■ **TASK ITEM**: Where does the word "mechanical" show up in the records? Copy every line that holds it.

═════ SUPPLIED RECORDS ═════

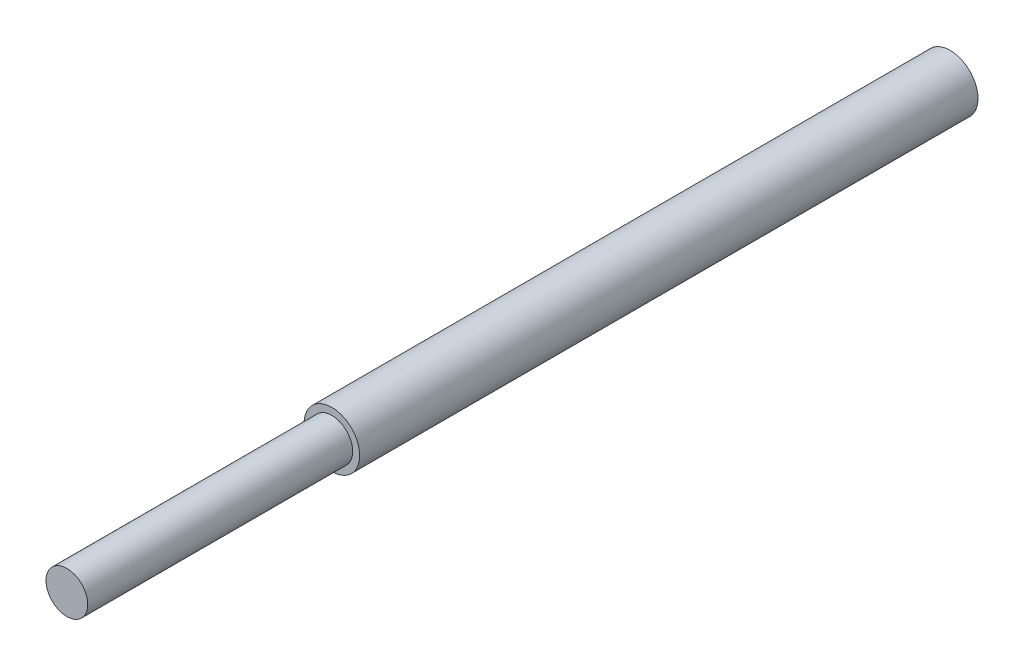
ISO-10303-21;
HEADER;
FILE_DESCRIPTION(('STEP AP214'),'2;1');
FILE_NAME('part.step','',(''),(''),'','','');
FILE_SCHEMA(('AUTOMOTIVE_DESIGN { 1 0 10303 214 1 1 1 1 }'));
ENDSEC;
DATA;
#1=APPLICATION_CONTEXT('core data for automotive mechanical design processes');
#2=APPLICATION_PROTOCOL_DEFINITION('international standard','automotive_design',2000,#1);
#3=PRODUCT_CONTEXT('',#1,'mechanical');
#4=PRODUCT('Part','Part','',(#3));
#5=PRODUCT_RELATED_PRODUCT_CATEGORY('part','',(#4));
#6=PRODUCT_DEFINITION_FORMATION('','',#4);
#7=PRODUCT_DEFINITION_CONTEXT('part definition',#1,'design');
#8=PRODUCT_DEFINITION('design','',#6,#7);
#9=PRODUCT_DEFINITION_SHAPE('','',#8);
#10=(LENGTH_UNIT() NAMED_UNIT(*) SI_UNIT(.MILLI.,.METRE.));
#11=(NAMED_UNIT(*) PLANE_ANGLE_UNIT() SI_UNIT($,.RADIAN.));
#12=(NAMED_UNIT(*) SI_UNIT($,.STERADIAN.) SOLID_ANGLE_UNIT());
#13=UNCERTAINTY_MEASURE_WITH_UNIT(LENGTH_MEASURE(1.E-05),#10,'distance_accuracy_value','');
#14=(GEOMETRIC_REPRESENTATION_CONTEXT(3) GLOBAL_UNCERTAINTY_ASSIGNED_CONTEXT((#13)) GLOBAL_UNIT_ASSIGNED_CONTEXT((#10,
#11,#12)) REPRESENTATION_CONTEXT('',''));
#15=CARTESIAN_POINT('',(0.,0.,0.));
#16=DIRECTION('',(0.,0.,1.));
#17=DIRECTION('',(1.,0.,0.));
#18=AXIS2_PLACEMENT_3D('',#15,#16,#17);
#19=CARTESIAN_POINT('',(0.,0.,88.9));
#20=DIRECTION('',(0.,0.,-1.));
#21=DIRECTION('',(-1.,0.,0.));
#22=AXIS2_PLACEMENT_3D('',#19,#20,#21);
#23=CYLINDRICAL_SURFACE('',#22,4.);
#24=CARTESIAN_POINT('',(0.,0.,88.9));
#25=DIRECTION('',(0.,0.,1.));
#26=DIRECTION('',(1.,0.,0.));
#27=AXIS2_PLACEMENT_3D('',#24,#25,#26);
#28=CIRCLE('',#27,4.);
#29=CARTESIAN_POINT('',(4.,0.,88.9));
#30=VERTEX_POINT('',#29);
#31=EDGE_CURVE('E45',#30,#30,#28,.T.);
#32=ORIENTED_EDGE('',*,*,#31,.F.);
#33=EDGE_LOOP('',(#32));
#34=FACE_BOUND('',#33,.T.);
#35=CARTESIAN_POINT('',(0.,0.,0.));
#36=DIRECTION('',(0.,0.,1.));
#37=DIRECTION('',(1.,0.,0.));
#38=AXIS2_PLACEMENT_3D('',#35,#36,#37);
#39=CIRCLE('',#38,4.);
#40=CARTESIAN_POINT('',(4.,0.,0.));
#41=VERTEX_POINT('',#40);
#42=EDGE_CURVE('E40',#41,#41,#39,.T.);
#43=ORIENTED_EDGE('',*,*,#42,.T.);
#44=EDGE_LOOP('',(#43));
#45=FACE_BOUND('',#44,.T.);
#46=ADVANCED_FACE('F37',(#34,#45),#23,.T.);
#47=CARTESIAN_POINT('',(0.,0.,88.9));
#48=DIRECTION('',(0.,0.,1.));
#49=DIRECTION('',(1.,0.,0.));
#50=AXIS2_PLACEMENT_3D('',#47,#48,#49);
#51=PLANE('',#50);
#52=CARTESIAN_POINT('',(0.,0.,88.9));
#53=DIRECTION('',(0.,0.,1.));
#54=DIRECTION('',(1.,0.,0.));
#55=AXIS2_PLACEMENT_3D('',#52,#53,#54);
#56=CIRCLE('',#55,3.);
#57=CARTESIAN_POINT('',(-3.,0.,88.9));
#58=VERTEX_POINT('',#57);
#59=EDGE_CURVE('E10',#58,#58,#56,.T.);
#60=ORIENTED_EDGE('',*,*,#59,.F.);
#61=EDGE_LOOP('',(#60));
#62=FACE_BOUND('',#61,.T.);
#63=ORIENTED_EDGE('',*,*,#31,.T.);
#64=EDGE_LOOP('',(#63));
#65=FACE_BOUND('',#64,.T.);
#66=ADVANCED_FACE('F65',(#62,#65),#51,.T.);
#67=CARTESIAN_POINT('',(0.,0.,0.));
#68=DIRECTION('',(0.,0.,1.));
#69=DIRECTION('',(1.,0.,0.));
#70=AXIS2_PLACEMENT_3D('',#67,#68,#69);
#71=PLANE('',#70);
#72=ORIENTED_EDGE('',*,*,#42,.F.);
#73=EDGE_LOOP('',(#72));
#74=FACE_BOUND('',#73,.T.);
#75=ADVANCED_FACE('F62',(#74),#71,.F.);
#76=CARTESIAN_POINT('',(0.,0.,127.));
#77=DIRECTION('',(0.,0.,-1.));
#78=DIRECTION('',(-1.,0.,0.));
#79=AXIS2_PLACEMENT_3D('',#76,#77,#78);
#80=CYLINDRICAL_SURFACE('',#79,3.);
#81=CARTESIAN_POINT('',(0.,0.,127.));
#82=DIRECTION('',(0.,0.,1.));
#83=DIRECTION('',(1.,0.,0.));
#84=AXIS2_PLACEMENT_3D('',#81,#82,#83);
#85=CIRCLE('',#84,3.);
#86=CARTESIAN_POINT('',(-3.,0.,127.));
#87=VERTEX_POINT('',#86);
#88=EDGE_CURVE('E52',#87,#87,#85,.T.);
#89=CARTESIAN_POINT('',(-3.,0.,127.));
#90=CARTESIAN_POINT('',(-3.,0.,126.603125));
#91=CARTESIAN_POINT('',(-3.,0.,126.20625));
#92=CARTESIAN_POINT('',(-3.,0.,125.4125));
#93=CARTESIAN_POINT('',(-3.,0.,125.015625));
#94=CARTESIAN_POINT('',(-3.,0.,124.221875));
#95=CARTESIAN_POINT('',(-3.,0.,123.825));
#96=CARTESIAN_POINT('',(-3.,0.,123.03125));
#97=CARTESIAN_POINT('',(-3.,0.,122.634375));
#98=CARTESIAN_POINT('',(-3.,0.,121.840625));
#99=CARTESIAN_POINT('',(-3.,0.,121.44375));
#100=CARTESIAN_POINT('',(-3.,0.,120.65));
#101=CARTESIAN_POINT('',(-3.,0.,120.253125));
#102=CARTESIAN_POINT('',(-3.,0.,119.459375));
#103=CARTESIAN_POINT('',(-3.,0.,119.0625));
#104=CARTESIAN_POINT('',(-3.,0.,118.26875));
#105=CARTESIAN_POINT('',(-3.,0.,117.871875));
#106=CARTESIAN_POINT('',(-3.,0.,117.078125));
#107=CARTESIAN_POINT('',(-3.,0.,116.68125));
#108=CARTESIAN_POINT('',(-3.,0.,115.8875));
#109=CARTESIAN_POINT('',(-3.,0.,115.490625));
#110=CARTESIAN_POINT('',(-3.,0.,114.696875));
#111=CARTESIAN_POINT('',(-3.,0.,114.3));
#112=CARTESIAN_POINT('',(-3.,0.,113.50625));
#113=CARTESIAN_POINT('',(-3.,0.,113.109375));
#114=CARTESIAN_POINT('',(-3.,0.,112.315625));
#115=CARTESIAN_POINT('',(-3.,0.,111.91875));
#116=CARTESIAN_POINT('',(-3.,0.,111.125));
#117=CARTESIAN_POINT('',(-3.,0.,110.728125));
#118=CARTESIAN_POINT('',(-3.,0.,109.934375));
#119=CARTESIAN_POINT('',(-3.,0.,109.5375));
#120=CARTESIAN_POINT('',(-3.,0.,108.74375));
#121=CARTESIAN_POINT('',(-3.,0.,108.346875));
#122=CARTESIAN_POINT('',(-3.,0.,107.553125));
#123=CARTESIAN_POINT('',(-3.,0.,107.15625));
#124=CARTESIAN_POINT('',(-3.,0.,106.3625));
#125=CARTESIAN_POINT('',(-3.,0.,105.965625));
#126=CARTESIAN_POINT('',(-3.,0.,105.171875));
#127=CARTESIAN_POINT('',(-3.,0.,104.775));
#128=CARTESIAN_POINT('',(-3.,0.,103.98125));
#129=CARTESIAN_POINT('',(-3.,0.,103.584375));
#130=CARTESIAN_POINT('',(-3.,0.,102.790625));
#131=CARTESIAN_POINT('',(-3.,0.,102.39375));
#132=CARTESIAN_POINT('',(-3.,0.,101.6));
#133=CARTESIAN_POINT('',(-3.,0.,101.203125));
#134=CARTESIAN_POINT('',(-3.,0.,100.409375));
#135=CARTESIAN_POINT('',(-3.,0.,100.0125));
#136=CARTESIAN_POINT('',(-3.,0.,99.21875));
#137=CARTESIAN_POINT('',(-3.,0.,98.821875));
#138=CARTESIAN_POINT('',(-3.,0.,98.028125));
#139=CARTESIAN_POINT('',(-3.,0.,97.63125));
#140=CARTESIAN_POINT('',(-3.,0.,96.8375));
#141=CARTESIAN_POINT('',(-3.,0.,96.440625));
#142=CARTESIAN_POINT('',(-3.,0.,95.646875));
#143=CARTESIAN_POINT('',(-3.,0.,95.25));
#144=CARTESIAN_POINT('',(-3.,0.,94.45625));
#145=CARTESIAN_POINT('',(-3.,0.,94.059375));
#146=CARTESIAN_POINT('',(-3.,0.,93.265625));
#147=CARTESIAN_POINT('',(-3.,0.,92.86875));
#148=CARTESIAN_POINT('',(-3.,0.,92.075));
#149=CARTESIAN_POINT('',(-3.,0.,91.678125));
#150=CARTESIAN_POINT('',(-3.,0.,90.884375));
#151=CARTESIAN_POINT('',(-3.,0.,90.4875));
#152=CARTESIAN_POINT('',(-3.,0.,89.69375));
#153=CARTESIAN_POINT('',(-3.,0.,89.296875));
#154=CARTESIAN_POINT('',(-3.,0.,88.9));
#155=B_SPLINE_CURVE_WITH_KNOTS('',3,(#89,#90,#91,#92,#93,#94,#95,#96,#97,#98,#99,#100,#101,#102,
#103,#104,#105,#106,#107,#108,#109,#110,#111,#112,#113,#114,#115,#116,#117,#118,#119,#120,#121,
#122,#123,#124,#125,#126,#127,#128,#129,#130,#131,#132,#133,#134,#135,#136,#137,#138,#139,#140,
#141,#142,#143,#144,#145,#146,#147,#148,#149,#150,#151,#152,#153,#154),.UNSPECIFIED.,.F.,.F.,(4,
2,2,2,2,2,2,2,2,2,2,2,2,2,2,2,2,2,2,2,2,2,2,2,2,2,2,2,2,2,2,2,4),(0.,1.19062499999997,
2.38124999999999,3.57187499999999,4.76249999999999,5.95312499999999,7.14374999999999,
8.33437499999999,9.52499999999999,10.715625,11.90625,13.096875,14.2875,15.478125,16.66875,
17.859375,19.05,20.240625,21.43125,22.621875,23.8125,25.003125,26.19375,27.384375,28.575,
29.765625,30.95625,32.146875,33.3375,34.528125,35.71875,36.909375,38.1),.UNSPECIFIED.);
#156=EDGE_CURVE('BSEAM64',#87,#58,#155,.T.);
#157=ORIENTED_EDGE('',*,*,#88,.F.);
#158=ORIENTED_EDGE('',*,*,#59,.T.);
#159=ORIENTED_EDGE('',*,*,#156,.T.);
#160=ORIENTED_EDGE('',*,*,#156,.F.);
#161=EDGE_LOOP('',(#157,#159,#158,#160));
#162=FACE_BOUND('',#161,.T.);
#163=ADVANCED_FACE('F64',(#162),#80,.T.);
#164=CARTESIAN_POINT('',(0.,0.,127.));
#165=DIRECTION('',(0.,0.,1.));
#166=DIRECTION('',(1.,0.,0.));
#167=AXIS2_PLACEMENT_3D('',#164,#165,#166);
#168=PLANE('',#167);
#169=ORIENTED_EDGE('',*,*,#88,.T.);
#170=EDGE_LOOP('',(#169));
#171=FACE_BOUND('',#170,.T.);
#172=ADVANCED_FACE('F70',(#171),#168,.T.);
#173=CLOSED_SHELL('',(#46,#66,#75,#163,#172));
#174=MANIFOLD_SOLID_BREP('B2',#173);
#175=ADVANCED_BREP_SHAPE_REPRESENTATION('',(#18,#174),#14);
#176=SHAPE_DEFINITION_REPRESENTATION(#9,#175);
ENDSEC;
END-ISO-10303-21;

═════

■ **WRITTEN RESPONSE**:
#1=APPLICATION_CONTEXT('core data for automotive mechanical design processes');
#3=PRODUCT_CONTEXT('',#1,'mechanical');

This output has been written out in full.